Combination with land cover/vegetation data: Detected vegetation changes can be further disaggregated into start and end classes (e.g. change from tropical rainforest to palm oil plantation) if land cover information is available for all analyzed dates.. Thus, the land cover information can be extracted from the combination of remote sensing data sources as well, while the complexity of this task increases with the number of desired land cover classes.

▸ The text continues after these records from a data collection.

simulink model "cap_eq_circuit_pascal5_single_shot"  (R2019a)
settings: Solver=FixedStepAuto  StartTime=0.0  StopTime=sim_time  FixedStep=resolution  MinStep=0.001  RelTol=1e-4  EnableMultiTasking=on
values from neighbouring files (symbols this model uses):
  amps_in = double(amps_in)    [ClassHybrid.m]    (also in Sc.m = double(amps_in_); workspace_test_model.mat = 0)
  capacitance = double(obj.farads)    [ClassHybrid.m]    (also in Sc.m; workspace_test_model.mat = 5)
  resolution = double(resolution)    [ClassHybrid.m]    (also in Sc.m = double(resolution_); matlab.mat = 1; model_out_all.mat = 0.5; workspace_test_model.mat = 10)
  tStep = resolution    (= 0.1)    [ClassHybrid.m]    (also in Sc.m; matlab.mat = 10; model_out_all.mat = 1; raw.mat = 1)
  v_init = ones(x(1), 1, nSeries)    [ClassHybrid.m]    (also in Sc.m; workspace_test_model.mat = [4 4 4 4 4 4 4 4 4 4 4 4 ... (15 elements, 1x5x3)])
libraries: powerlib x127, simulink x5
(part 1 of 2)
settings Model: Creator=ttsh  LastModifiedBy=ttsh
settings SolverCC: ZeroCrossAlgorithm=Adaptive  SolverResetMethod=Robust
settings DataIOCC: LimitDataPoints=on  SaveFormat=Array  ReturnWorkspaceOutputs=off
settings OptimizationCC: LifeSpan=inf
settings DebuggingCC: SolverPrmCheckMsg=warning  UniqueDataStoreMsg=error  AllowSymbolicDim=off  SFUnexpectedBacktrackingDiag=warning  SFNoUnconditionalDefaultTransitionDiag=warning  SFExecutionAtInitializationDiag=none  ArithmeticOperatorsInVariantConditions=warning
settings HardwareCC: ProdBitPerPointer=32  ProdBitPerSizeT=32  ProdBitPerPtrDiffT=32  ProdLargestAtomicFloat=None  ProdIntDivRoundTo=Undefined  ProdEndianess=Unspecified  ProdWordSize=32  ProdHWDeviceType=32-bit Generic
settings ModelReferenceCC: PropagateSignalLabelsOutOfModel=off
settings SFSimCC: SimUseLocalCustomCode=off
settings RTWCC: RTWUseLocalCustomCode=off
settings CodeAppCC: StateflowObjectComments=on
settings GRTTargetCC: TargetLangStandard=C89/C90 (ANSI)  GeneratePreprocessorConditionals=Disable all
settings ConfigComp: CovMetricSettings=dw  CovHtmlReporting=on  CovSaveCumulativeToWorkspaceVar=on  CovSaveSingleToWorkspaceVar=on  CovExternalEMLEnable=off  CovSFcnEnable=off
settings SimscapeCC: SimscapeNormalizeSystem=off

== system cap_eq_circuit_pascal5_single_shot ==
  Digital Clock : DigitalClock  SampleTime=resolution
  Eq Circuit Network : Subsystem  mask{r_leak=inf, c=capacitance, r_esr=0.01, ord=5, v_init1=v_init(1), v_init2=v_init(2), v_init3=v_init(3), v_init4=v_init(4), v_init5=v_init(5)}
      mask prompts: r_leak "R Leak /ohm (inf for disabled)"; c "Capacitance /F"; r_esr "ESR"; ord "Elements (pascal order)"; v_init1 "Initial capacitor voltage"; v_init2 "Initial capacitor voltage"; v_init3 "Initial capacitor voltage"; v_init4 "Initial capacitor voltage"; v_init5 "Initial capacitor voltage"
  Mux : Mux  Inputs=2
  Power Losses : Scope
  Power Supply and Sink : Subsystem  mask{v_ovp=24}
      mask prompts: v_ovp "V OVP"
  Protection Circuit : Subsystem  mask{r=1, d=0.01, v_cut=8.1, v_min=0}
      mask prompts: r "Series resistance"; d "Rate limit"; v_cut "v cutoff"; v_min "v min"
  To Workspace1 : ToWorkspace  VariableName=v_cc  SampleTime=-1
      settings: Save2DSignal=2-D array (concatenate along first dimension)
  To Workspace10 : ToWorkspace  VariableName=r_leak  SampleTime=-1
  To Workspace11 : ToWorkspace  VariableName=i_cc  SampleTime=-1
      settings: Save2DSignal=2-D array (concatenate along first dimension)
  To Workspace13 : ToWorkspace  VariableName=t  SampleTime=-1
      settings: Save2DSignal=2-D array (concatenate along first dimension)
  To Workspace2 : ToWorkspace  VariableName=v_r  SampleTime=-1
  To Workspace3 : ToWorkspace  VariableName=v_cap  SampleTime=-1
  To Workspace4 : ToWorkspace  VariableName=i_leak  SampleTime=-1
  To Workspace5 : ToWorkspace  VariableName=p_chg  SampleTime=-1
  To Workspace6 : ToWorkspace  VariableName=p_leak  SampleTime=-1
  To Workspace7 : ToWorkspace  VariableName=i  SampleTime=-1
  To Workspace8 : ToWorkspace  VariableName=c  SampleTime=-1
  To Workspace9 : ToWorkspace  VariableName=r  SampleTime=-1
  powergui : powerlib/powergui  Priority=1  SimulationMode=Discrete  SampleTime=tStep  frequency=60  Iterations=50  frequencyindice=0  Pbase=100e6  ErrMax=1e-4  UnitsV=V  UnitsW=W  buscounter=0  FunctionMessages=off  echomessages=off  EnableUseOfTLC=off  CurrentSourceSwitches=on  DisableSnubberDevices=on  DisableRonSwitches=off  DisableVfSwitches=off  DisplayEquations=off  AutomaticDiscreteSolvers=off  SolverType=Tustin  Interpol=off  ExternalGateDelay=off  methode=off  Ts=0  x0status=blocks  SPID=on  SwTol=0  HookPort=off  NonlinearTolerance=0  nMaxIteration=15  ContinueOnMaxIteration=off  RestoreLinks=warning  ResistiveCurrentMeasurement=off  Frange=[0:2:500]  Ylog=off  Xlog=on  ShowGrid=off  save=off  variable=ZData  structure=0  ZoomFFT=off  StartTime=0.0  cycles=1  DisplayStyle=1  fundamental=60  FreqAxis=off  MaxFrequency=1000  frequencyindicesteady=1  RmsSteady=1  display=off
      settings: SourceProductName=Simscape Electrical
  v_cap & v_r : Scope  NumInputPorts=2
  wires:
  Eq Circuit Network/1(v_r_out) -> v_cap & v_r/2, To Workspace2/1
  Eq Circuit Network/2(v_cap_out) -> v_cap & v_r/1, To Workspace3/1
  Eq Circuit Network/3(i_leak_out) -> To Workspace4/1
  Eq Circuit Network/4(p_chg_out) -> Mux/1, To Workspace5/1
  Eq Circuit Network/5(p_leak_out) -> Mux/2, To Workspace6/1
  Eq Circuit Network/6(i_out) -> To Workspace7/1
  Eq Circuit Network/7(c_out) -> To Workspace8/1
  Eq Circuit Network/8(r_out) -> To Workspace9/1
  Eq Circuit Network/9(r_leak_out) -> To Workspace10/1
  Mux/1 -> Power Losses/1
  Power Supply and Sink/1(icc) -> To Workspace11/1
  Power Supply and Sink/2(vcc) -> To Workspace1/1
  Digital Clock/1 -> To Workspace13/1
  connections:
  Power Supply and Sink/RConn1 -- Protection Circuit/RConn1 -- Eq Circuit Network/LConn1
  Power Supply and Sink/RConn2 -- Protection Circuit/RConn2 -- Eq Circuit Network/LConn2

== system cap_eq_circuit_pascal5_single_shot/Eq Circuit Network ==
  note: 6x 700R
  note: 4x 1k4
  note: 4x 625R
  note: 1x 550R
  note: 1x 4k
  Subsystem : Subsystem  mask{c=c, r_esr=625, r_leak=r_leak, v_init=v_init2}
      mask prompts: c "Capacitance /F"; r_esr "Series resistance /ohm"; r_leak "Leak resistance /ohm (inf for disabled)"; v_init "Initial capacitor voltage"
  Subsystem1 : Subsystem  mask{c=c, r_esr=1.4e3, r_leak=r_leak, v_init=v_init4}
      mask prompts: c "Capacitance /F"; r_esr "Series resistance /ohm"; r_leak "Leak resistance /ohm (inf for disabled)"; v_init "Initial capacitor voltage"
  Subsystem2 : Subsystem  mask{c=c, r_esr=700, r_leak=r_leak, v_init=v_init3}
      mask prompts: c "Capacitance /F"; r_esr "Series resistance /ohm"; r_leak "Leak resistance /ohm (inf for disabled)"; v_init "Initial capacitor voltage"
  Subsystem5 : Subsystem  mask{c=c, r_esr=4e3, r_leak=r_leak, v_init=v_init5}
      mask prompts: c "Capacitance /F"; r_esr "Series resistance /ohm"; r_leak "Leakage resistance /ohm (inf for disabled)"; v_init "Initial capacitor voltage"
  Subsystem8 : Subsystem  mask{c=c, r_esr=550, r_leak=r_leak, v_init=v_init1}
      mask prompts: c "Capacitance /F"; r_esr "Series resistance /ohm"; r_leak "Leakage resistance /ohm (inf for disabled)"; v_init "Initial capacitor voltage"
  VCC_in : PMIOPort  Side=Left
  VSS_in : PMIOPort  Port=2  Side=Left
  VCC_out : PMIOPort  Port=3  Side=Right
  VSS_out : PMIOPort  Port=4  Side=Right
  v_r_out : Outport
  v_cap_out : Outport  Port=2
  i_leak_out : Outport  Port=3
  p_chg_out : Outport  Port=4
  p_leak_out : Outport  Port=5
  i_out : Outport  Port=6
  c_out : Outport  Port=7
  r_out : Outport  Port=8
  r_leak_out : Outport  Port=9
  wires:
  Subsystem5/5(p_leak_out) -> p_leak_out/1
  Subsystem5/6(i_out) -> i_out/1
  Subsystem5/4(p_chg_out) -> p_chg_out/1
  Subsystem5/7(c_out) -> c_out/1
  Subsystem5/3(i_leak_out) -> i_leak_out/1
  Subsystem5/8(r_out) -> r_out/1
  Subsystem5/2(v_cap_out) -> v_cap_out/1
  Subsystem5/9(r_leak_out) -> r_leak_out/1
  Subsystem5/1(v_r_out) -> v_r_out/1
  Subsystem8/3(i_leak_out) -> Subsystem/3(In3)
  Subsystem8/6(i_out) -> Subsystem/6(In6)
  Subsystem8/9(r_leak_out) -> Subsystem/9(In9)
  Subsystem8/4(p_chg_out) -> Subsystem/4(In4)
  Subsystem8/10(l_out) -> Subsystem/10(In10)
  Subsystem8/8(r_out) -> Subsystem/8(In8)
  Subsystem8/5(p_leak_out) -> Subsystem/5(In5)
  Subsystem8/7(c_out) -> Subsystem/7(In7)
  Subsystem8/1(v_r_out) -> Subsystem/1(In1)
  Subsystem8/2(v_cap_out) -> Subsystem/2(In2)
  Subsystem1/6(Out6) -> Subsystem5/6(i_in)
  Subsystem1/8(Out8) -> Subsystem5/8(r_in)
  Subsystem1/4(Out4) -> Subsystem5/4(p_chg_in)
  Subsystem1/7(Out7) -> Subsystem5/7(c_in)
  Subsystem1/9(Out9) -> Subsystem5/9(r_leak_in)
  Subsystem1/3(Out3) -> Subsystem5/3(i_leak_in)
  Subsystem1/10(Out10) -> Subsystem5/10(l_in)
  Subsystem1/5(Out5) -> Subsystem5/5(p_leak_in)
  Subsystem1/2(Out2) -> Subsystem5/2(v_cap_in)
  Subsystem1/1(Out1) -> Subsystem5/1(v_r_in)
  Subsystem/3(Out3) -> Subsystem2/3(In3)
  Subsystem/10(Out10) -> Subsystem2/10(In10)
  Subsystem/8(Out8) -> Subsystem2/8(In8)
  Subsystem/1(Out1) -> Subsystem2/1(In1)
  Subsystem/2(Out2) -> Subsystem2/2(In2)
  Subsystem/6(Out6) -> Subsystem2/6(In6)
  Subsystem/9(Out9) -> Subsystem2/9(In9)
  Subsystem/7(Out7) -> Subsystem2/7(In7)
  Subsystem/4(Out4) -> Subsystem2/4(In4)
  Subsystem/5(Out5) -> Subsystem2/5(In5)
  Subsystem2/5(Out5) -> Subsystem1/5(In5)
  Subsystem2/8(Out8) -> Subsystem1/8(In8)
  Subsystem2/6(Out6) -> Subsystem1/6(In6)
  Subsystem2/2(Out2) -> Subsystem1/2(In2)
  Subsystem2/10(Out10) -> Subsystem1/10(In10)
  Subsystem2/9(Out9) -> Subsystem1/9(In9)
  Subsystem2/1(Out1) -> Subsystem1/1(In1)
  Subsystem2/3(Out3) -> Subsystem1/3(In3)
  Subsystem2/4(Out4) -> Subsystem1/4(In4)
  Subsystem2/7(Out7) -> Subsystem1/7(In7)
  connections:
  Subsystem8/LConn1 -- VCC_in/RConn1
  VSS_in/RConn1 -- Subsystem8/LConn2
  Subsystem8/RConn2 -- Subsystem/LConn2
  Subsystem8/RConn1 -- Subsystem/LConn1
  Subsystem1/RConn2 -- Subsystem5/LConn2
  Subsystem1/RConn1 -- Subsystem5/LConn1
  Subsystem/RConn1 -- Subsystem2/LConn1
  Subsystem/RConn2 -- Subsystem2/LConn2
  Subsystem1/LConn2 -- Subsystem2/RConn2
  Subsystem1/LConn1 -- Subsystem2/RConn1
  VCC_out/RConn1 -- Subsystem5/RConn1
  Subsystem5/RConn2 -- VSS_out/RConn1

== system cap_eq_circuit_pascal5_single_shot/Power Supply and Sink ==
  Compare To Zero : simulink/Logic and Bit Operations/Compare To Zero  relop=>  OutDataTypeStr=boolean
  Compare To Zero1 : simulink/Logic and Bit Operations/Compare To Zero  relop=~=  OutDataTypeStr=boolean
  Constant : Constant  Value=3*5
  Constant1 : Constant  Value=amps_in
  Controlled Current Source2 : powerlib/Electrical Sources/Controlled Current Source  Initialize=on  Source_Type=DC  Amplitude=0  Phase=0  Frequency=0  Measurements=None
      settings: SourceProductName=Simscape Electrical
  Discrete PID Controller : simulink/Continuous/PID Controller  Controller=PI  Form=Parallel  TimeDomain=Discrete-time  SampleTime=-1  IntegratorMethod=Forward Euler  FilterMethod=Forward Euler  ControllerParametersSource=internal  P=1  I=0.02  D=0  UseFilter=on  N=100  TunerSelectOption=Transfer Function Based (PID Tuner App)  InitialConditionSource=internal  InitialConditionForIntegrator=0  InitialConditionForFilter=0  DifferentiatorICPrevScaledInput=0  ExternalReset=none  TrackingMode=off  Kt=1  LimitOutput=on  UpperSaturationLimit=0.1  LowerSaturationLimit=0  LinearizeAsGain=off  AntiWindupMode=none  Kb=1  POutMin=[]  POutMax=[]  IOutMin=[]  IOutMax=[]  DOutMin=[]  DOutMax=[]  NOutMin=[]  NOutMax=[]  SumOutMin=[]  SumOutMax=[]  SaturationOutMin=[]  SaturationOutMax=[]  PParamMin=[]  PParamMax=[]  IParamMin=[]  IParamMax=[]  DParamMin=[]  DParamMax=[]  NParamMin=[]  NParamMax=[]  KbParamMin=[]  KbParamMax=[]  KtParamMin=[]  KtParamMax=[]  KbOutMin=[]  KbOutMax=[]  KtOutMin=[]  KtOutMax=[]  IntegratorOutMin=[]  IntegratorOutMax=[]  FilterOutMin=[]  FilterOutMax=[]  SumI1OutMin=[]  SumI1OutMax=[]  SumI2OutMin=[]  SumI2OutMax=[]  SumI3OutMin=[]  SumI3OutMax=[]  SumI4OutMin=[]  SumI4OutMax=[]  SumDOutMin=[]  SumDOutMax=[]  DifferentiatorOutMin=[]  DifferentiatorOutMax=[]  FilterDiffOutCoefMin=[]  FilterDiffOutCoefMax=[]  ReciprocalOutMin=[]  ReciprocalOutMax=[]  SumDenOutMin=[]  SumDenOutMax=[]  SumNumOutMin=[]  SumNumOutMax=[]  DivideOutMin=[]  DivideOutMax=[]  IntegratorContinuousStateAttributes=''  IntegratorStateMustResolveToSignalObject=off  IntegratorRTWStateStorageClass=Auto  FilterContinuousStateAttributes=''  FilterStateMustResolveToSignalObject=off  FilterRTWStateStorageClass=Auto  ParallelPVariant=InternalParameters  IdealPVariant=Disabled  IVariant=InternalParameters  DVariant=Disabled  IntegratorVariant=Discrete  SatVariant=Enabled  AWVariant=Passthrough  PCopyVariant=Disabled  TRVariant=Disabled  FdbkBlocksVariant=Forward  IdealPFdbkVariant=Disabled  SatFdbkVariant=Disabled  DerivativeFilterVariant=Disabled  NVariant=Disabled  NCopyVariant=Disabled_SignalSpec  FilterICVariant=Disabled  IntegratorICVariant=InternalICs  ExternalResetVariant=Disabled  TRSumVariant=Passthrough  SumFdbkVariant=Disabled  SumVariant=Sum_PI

Quantification of biomass loss: The amount of removed AGB (Above-Ground-Biomass) can be estimated by intersecting detected deforestation areas with biomass or canopy height maps (which are usually also generated by remote sensing methods). Depending on the area of interest, regional biomass/canopy maps may be available that usually have a higher resolution and accuracy than globally available datasets.
Detection of forest degradation: While mapping forest clearance is a relatively straight-forward exercise, detecting forest degradation (caused by e.g. selective logging or groundwater depletion) is a more complex task that requires dense time-series of satellite imagery as the changes of vegetation indices, etc. can be rather small but nevertheless trackable if such a trend remains consistent over time.